How strange, we have found this too, always seems to end with hypo. Do you think the ripeness could be a factor ? I have tried shaving off 25 - 30% what book says to be on safe side


----------



## Dory (May 23, 2013)

i always factor in ripeness to any fruit i eat (I'll add a few grams for a very ripe banana, take off a few for an unripe-ish one) but i'm glad to hear i'm not the only one having this problem!!!!


----------



## everydayupsanddowns (May 23, 2013)

Way back when I was forst Dx the guide was 10g for a piece of fruit.

These days I usually allow more like 15-20g and that works for me. 

I tend to find apples/pears relatively low spike too. Certainly better (for me) than bananas and oranges.

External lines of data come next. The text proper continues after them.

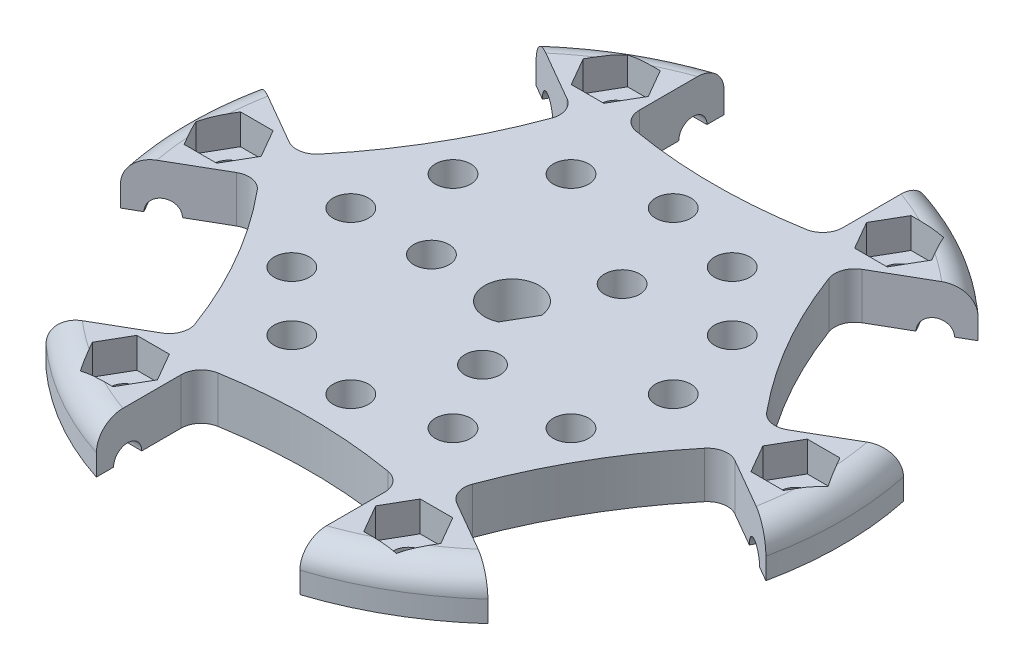
SolidWorks part; units mm, degrees
ref_plane "Plano frontal" through (0, 0, 0) normal (0, 0, 1) x (1, 0, 0)
ref_plane "Plano superior" through (0, 0, 0) normal (0, 1, 0) x (1, 0, 0)
ref_plane "Plano direito" through (0, 0, 0) normal (1, 0, 0) x (0, 0, -1)
sketch "Esboço1" plane through (0, 0, 0) normal (0, 0, 1) x (1, 0, 0)
  line L1 (-32.75, 2.1) -> (-32.75, 0)
  line L2 (-30.25, 4.6) -> (-6.07, 4.6)
  line L15 (-6.07, 4.6) -> (0, 4.6)
  line L17 (0, 0) -> (0, 4.6)
  line L18 (-32.75, 0) -> (0, 0)
  arc A3 (-30.25, 4.6) -> (-32.75, 2.1) centre (-30.25, 2.1) ccw
revolve "Revolução3" add sketch "Esboço1" angle 360 about L17
sketch "Esboço3" plane through (0, 0, 0) normal (0, -1, 0) x (1, 0, 0)
  line L2 (-10.1, 71.55) -> (10.1, 71.55)
  line L3 (-10.1, 71.55) -> (-10.1, 22.7384)
  line L4 (10.1, 71.55) -> (10.1, 22.7384)
  line L5 (10.1, -71.55) -> (-10.1, -71.55)
  line L6 (10.1, -71.55) -> (10.1, -22.7384)
  line L7 (-10.1, -71.55) -> (-10.1, -22.7384)
  line L10 (56.9141, 44.5219) -> (67.0141, 27.0281)
  line L11 (56.9141, 44.5219) -> (14.642, 20.116)
  line L12 (67.0141, 27.0281) -> (24.742, 2.6223)
  line L13 (-56.9141, -44.5219) -> (-67.0141, -27.0281)
  line L14 (-56.9141, -44.5219) -> (-14.642, -20.116)
  line L15 (-67.0141, -27.0281) -> (-24.742, -2.6223)
  line L18 (-67.0141, 27.0281) -> (-56.9141, 44.5219)
  line L19 (-67.0141, 27.0281) -> (-24.742, 2.6223)
  line L20 (-56.9141, 44.5219) -> (-14.642, 20.116)
  line L21 (67.0141, -27.0281) -> (56.9141, -44.5219)
  line L22 (67.0141, -27.0281) -> (24.742, -2.6223)
  line L23 (56.9141, -44.5219) -> (14.642, -20.116)
  arc A1 (-8.4375, 20.7671) -> (8.4375, 20.7671) centre (0, 70.05) ccw
  arc A2 (8.4375, 20.7671) -> (10.1, 22.7384) centre (8.1, 22.7384) ccw
  arc A3 (-8.4375, 20.7671) -> (-10.1, 22.7384) centre (-8.1, 22.7384) cw
  arc A4 (8.4375, -20.7671) -> (-8.4375, -20.7671) centre (0, -70.05) ccw
  arc A5 (-8.4375, -20.7671) -> (-10.1, -22.7384) centre (-8.1, -22.7384) ccw
  arc A6 (8.4375, -20.7671) -> (10.1, -22.7384) centre (8.1, -22.7384) cw
  arc A7 (13.766, 17.6906) -> (22.2035, 3.0764) centre (60.6651, 35.025) ccw
  arc A8 (22.2035, 3.0764) -> (24.742, 2.6223) centre (23.742, 4.3544) ccw
  arc A9 (13.766, 17.6906) -> (14.642, 20.116) centre (15.642, 18.384) cw
  arc A10 (-13.766, -17.6906) -> (-22.2035, -3.0764) centre (-60.6651, -35.025) ccw
  arc A11 (-22.2035, -3.0764) -> (-24.742, -2.6223) centre (-23.742, -4.3544) ccw
  arc A12 (-13.766, -17.6906) -> (-14.642, -20.116) centre (-15.642, -18.384) cw
  arc A13 (-22.2035, 3.0764) -> (-13.766, 17.6906) centre (-60.6651, 35.025) ccw
  arc A14 (-13.766, 17.6906) -> (-14.642, 20.116) centre (-15.642, 18.384) ccw
  arc A15 (-22.2035, 3.0764) -> (-24.742, 2.6223) centre (-23.742, 4.3544) cw
  arc A16 (22.2035, -3.0764) -> (13.766, -17.6906) centre (60.6651, -35.025) ccw
  arc A17 (13.766, -17.6906) -> (14.642, -20.116) centre (15.642, -18.384) ccw
  arc A18 (22.2035, -3.0764) -> (24.742, -2.6223) centre (23.742, -4.3544) cw
extrude "Corte-extrusão2" cut sketch "Esboço3" against normal blind 10
sketch "Esboço5" plane through (0, 0, 0) normal (0, -1, 0) x (1, 0, 0)
  line L0 (-12.6, 26.65) -> (12.6, 26.65)
  line L1 (-12.6, 28.05) -> (12.6, 28.05)
  line L10 (-12.6, 28.05) -> (-12.6, 26.65)
  line L13 (12.6, 28.05) -> (12.6, 26.65)
revolve "Corte-Revolução3" cut sketch "Esboço5" angle 360 about L1
sketch "Esboço6" plane through (0, 0, 0) normal (0, -1, 0) x (1, 0, 0)
  line L21 (-29.3796, 2.4131) -> (-16.7796, 24.2369)
  line L22 (-30.592, 3.1131) -> (-17.992, 24.9369)
  line L23 (-30.592, 3.1131) -> (-29.3796, 2.4131)
  line L24 (-17.992, 24.9369) -> (-16.7796, 24.2369)
revolve "Corte-Revolução4" cut sketch "Esboço6" angle 360 about L22
sketch "Esboço7" plane through (0, 0, 0) normal (0, -1, 0) x (1, 0, 0)
  line L9 (-16.7796, -24.2369) -> (-29.3796, -2.4131)
  line L10 (-17.992, -24.9369) -> (-30.592, -3.1131)
  line L11 (-17.992, -24.9369) -> (-16.7796, -24.2369)
  line L12 (-30.592, -3.1131) -> (-29.3796, -2.4131)
revolve "Corte-Revolução5" cut sketch "Esboço7" angle 360 about L10
sketch "Esboço8" plane through (0, 0, 0) normal (0, -1, 0) x (1, 0, 0)
  line L13 (16.7796, 24.2369) -> (29.3796, 2.4131)
  line L14 (17.992, 24.9369) -> (30.592, 3.1131)
  line L15 (17.992, 24.9369) -> (16.7796, 24.2369)
  line L16 (30.592, 3.1131) -> (29.3796, 2.4131)
revolve "Corte-Revolução6" cut sketch "Esboço8" angle 360 about L14
sketch "Esboço10" plane through (0, 0, 0) normal (0, -1, 0) x (1, 0, 0)
  line L1 (12.6, -26.65) -> (-12.6, -26.65)
  line L2 (12.6, -28.05) -> (-12.6, -28.05)
  line L3 (12.6, -28.05) -> (12.6, -26.65)
  line L4 (-12.6, -28.05) -> (-12.6, -26.65)
revolve "Corte-Revolução7" cut sketch "Esboço10" angle 360 about L2
sketch "Esboço11" plane through (0, 0, 0) normal (0, -1, 0) x (1, 0, 0)
  line L5 (29.3796, -2.4131) -> (16.7796, -24.2369)
  line L6 (30.592, -3.1131) -> (17.992, -24.9369)
  line L7 (30.592, -3.1131) -> (29.3796, -2.4131)
  line L8 (17.992, -24.9369) -> (16.7796, -24.2369)
revolve "Corte-Revolução8" cut sketch "Esboço11" angle 360 about L6
sketch "Esboço12" plane through (0, 0, 0) normal (0, -1, 0) x (1, 0, 0)
  circle A1 centre (0, 16) radius 1.75
  circle A2 centre (-8, 13.8564) radius 1.75
  circle A3 centre (-13.8564, 8) radius 1.75
  circle A4 centre (-16, 0) radius 1.75
  circle A5 centre (-13.8564, -8) radius 1.75
  circle A6 centre (-8, -13.8564) radius 1.75
  circle A7 centre (0, -16) radius 1.75
  circle A8 centre (8, -13.8564) radius 1.75
  circle A9 centre (13.8564, -8) radius 1.75
  circle A10 centre (16, 0) radius 1.75
  circle A11 centre (13.8564, 8) radius 1.75
  circle A12 centre (8, 13.8564) radius 1.75
  circle A13 centre (28.1296, 0) radius 1.3
  circle A14 centre (14.0648, 24.3609) radius 1.3
  circle A15 centre (-14.0648, 24.3609) radius 1.3
  circle A16 centre (-28.1296, 0) radius 1.3
  circle A18 centre (14.0648, -24.3609) radius 1.3
  circle A19 centre (-14.0648, -24.3609) radius 1.3
sketch "Esboço13" plane through (0, 0, 0) normal (0, -1, 0) x (1, 0, 0)
  line L2 (2.5851, -0.2776) -> (1.0522, 2.3776)
  arc A0 (1.0522, 2.3776) -> (2.5851, -0.2776) centre (0, 0) ccw
extrude "Corte-extrusão9" cut sketch "Esboço12" against normal through all
sketch "Esboço17" plane through (0, 0, 0) normal (0, -1, 0) x (1, 0, 0)
  circle A0 centre (4, 6.9282) radius 1.75
  circle A1 centre (-8, 0) radius 1.75
  circle A2 centre (4, -6.9282) radius 1.75
extrude "Corte-extrusão10" cut sketch "Esboço17" against normal through all
extrude "Corte-extrusão11" cut sketch "Esboço13" against normal through all
sketch "Esboço18" plane through (0, 4.6, 0) normal (0, 1, 0) x (1, 0, 0)
  line L1 (-31.0163, 0) -> (-29.573, -2.5)
  line L2 (-29.573, -2.5) -> (-26.6862, -2.5)
  line L3 (-26.6862, -2.5) -> (-25.2428, 0)
  line L4 (-25.2428, 0) -> (-26.6862, 2.5)
  line L5 (-26.6862, 2.5) -> (-29.573, 2.5)
  line L6 (-29.573, 2.5) -> (-31.0163, 0)
  line L8 (-15.5082, 26.8609) -> (-16.9515, 24.3609)
  line L9 (-16.9515, 24.3609) -> (-15.5082, 21.8609)
  line L10 (-15.5082, 21.8609) -> (-12.6214, 21.8609)
  line L11 (-12.6214, 21.8609) -> (-11.178, 24.3609)
  line L12 (-11.178, 24.3609) -> (-12.6214, 26.8609)
  line L13 (-12.6214, 26.8609) -> (-15.5082, 26.8609)
  line L15 (15.5082, 26.8609) -> (12.6214, 26.8609)
  line L16 (12.6214, 26.8609) -> (11.178, 24.3609)
  line L17 (11.178, 24.3609) -> (12.6214, 21.8609)
  line L18 (12.6214, 21.8609) -> (15.5082, 21.8609)
  line L19 (15.5082, 21.8609) -> (16.9515, 24.3609)
  line L20 (16.9515, 24.3609) -> (15.5082, 26.8609)
  line L22 (31.0163, 0) -> (29.573, 2.5)
  line L23 (29.573, 2.5) -> (26.6862, 2.5)
  line L24 (26.6862, 2.5) -> (25.2428, 0)
  line L25 (25.2428, 0) -> (26.6862, -2.5)
  line L26 (26.6862, -2.5) -> (29.573, -2.5)
  line L27 (29.573, -2.5) -> (31.0163, 0)
  line L29 (15.5082, -26.8609) -> (16.9515, -24.3609)
  line L30 (16.9515, -24.3609) -> (15.5082, -21.8609)
  line L31 (15.5082, -21.8609) -> (12.6214, -21.8609)
  line L32 (12.6214, -21.8609) -> (11.178, -24.3609)
  line L33 (11.178, -24.3609) -> (12.6214, -26.8609)
  line L34 (12.6214, -26.8609) -> (15.5082, -26.8609)
  line L36 (-15.5082, -26.8609) -> (-12.6214, -26.8609)
  line L37 (-12.6214, -26.8609) -> (-11.178, -24.3609)
  line L38 (-11.178, -24.3609) -> (-12.6214, -21.8609)
  line L39 (-12.6214, -21.8609) -> (-15.5082, -21.8609)
  line L40 (-15.5082, -21.8609) -> (-16.9515, -24.3609)
  line L41 (-16.9515, -24.3609) -> (-15.5082, -26.8609)
  circle A0 centre (-28.1296, 0) radius 2.5 construction
  circle A1 centre (-14.0648, 24.3609) radius 2.5 construction
  circle A2 centre (14.0648, 24.3609) radius 2.5 construction
  circle A3 centre (28.1296, 0) radius 2.5 construction
  circle A4 centre (14.0648, -24.3609) radius 2.5 construction
  circle A5 centre (-14.0648, -24.3609) radius 2.5 construction
extrude "Corte-extrusão12" cut sketch "Esboço18" against normal blind 3
sketch "Esboço19" plane through (0, 4.6, 0) normal (0, 1, 0) x (1, 0, 0)
  circle A0 centre (-14.0648, 24.3609) radius 1.5
  circle A1 centre (14.0648, 24.3609) radius 1.5
  circle A2 centre (14.0648, -24.3609) radius 1.5
  circle A3 centre (-14.0648, -24.3609) radius 1.5
  circle A4 centre (-28.1296, 0) radius 1.5
  circle A5 centre (28.1296, 0) radius 1.5
extrude "Corte-extrusão13" cut sketch "Esboço19" against normal through all
sketch "Esboço20" plane through (0, 4.6, 0) normal (0, 1, 0) x (1, 0, 0)
  line L0 (26.513, -2.8) -> (29.7462, -2.8)
  line L1 (-29.7462, 2.8) -> (-31.3627, 0)
  line L2 (-31.3627, 0) -> (-29.7462, -2.8)
  line L3 (-29.7462, -2.8) -> (-26.513, -2.8)
  line L4 (-26.513, -2.8) -> (-24.8964, 0)
  line L5 (-24.8964, 0) -> (-26.513, 2.8)
  line L6 (-26.513, 2.8) -> (-29.7462, 2.8)
  line L7 (29.7462, -2.8) -> (31.3627, 0)
  line L8 (29.7462, 2.8) -> (26.513, 2.8)
  line L9 (24.8964, 0) -> (26.513, -2.8)
  line L10 (26.513, 2.8) -> (24.8964, 0)
  line L11 (31.3627, 0) -> (29.7462, 2.8)
  line L12 (15.6814, 27.1609) -> (12.4482, 27.1609)
  line L13 (10.8316, 24.3609) -> (12.4482, 21.5609)
  line L14 (17.298, 24.3609) -> (15.6814, 27.1609)
  line L15 (12.4482, 27.1609) -> (10.8316, 24.3609)
  line L16 (15.6814, 21.5609) -> (17.298, 24.3609)
  line L17 (12.4482, 21.5609) -> (15.6814, 21.5609)
  line L18 (-10.8316, 24.3609) -> (-12.4482, 27.1609)
  line L19 (-12.4482, 21.5609) -> (-10.8316, 24.3609)
  line L20 (-12.4482, 27.1609) -> (-15.6814, 27.1609)
  line L21 (-17.298, 24.3609) -> (-15.6814, 21.5609)
  line L22 (-15.6814, 27.1609) -> (-17.298, 24.3609)
  line L23 (-15.6814, 21.5609) -> (-12.4482, 21.5609)
  line L24 (-15.6814, -27.1609) -> (-12.4482, -27.1609)
  line L25 (-12.4482, -27.1609) -> (-10.8316, -24.3609)
  line L26 (-15.6814, -21.5609) -> (-17.298, -24.3609)
  line L27 (17.298, -24.3609) -> (15.6814, -21.5609)
  line L28 (-12.4482, -21.5609) -> (-15.6814, -21.5609)
  line L29 (15.6814, -27.1609) -> (17.298, -24.3609)
  line L30 (12.4482, -21.5609) -> (10.8316, -24.3609)
  line L31 (10.8316, -24.3609) -> (12.4482, -27.1609)
  line L32 (-17.298, -24.3609) -> (-15.6814, -27.1609)
  line L33 (15.6814, -21.5609) -> (12.4482, -21.5609)
  line L34 (12.4482, -27.1609) -> (15.6814, -27.1609)
  line L35 (-10.8316, -24.3609) -> (-12.4482, -21.5609)
  circle A0 centre (-28.1296, 0) radius 2.8 construction
  circle A1 centre (28.1296, 0) radius 2.8 construction
  circle A2 centre (14.0648, 24.3609) radius 2.8 construction
  circle A3 centre (-14.0648, 24.3609) radius 2.8 construction
  circle A4 centre (14.0648, -24.3609) radius 2.8 construction
  circle A5 centre (-14.0648, -24.3609) radius 2.8 construction
extrude "Corte-extrusão14" cut sketch "Esboço20" against normal blind 3
sketch "Esboço21" plane through (0, 4.6, 0) normal (0, 1, 0) x (1, 0, 0)
  line L2 (1.1226, -2.4555) -> (2.6879, 0.2555)
  arc A0 (2.6879, 0.2555) -> (1.1226, -2.4555) centre (0, 0) ccw
extrude "Corte-extrusão15" cut sketch "Esboço21" against normal through all

All different though (as ever!)

Does it have anything to do with a bunch of the carbs in fruit being fructose?


----------



## Dory (May 24, 2013)

mike i think you're spot on.  waaaay back in the day when i was first dx (late 80's) i was told not to carb count for any fruit (i'm guessing for the fructose reason; they were so focussed on starchy carbs back then).

I guess it's a case of test and see what works for you as an individual really.


----------



## Pumper_Sue (May 24, 2013)

Dory said:


> mike i think you're spot on.  waaaay back in the day when i was first dx (late 80's) i was told not to carb count for any fruit (i'm guessing for the fructose reason; they were so focussed on starchy carbs back then).
> 
> I guess it's a case of test and see what works for you as an individual really.



Funny that as I was diagnosed in the mid 1960's and have always counted the carb content of everything that went into my mouth.
At some point in the 80's the idea of carb counting was ditched by many due to the so called wondrous human insulin's. IMHO that was the biggest mistake ever made, it still shocks me that people who have had diabetes for 30 years can not carb count and have no idea how to adjust their insulin for carb content of a meal. 
The NHS bods still haven't worked out the link between high A1c's and the lack of carb counting.
So they then say oh you need a pump to control your diabetes, so once you have been taught how to carb count you can have a pump


----------



## Dory (May 24, 2013)

you've just described me Sue!

dx 88, was taught in the style of '1 piece of bread = 1 "exchange" (who remembers those?!), 3 biscuits = 3 exchanges', don't bother with fruit, you should aim for 18-20 exchanges a day  - never mind the size of the bread, type of biscuite etc!

now, can't fault them too much for lack of knowledge of things back then but what REALLY got my goat was that it wasn't until 2009 that a DSN in my current hospital sat me down and showed me how carb values had changed in 20 years, so i'd been wrongly counting for years.  in 20 years I never missed a clinic appointment (and i was having them every 6 months!) and they NEVER bothered updating me on carb counting.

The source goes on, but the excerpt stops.